[What you need to do] Exclude the pictures and retype the entries as written.

[Data records]
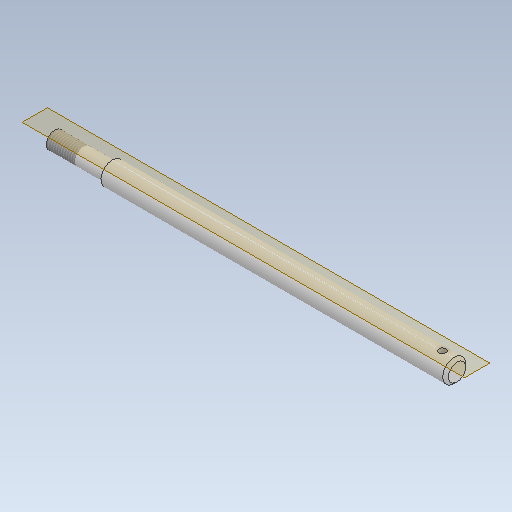
# Autodesk Inventor part: Part7
Saved by Autodesk Inventor 2021 (Build 250183000, 183)
## iProperties
Created: 2022-06-05
Part Number: Part7
Material: Generic
Document SubType Name: Modeling
Designer: Bhargav Malasani
Density: 1 g/cm^3
Appearance: Default
Author: Bhargav Malasani
Autodesk Inventor part; units mm, degrees
ref_plane "YZ Plane" through (0, 0, 0) normal (1, 0, 0) x (0, 1, 0)
ref_plane "XY Plane" through (0, 0, 0) normal (0, 0, 1) x (1, 0, 0)
sketch "Sketch1" plane through (0, 0, 0) normal (0, 0, 1) x (1, 0, 0)
  line L0 (0, 0) -> (280, 0)
  line L1 (280, 0) -> (280, 6)
  line L2 (0, 0) -> (0, 6)
  line L3 (0, 6) -> (40, 6)
  line L4 (40, 6) -> (40, 8)
  line L5 (40, 8) -> (278, 8)
  line L6 (278, 8) -> (280, 6)
  point P0 (280, 8)
  dimension "d0" = 280
  dimension "d1" = 8
  dimension "d2" = 6
  dimension "d3" = 40
  dimension "d4" = 2
  dimension "d5" = 2
  dimension "d6" = 45
  constraints: 14 end point, 2 perpendicular, 2 point on line, 2 vertical, 1 horizontal
  measures "d0" distance of L0.start L0.end
  measures "d1" distance of L0.end point (280, 8)
  measures "d2" distance of L0.start L2.end
  measures "d3" distance of L2.end L3.end
  measures "d4" distance of L3.end L4.end
  measures "d5" distance of L5.end point (280, 8)
  measures "d6" angle of L5 L6
revolve "Revolution1" add sketch "Sketch1" angle 360 about axis through (0, 0, 0) along (1, 0, 0)
thread "Thread1" size "M12x1.75" class "6g" standard "ANSI Metric M Profile" length 20
ref_plane "Work Plane1" through (0, 8, 0) normal (0, 1, 0) x (-1, 0, 0)
sketch "Sketch2" plane through (0, 8, 0) normal (0, 1, 0) x (-1, 0, 0)
  circle A0 centre (-270, 0) radius 2.5
  line L0 (-280, 6) -> (-280, -6) projected
  point P0 (0, 0)
  dimension "d12" = 5
  dimension "d13" = 10
  dimension "d14" = 270
  constraints: 1 centre point
  measures "d12" diameter of A0
  measures "d13" distance from line of L0 A0.centre
  measures "d14" distance of A0.centre point (0, 0)
extrude "Extrusion1" cut sketch "Sketch2" against normal through all
body "Solid1"

[Finished task]
# Autodesk Inventor part: Part7
Saved by Autodesk Inventor 2021 (Build 250183000, 183)
## iProperties
Created: 2022-06-05
Part Number: Part7
Material: Generic
Document SubType Name: Modeling
Designer: Bhargav Malasani
Density: 1 g/cm^3
Appearance: Default
Author: Bhargav Malasani
Autodesk Inventor part; units mm, degrees
ref_plane "YZ Plane" through (0, 0, 0) normal (1, 0, 0) x (0, 1, 0)
ref_plane "XY Plane" through (0, 0, 0) normal (0, 0, 1) x (1, 0, 0)
sketch "Sketch1" plane through (0, 0, 0) normal (0, 0, 1) x (1, 0, 0)
  line L0 (0, 0) -> (280, 0)
  line L1 (280, 0) -> (280, 6)
  line L2 (0, 0) -> (0, 6)
  line L3 (0, 6) -> (40, 6)
  line L4 (40, 6) -> (40, 8)
  line L5 (40, 8) -> (278, 8)
  line L6 (278, 8) -> (280, 6)
  point P0 (280, 8)
  dimension "d0" = 280
  dimension "d1" = 8
  dimension "d2" = 6
  dimension "d3" = 40
  dimension "d4" = 2
  dimension "d5" = 2
  dimension "d6" = 45
  constraints: 14 end point, 2 perpendicular, 2 point on line, 2 vertical, 1 horizontal
  measures "d0" distance of L0.start L0.end
  measures "d1" distance of L0.end point (280, 8)
  measures "d2" distance of L0.start L2.end
  measures "d3" distance of L2.end L3.end
  measures "d4" distance of L3.end L4.end
  measures "d5" distance of L5.end point (280, 8)
  measures "d6" angle of L5 L6
revolve "Revolution1" add sketch "Sketch1" angle 360 about axis through (0, 0, 0) along (1, 0, 0)
thread "Thread1" size "M12x1.75" class "6g" standard "ANSI Metric M Profile" length 20
ref_plane "Work Plane1" through (0, 8, 0) normal (0, 1, 0) x (-1, 0, 0)
sketch "Sketch2" plane through (0, 8, 0) normal (0, 1, 0) x (-1, 0, 0)
  circle A0 centre (-270, 0) radius 2.5
  line L0 (-280, 6) -> (-280, -6) projected
  point P0 (0, 0)
  dimension "d12" = 5
  dimension "d13" = 10
  dimension "d14" = 270
  constraints: 1 centre point
  measures "d12" diameter of A0
  measures "d13" distance from line of L0 A0.centre
  measures "d14" distance of A0.centre point (0, 0)
extrude "Extrusion1" cut sketch "Sketch2" against normal through all
body "Solid1"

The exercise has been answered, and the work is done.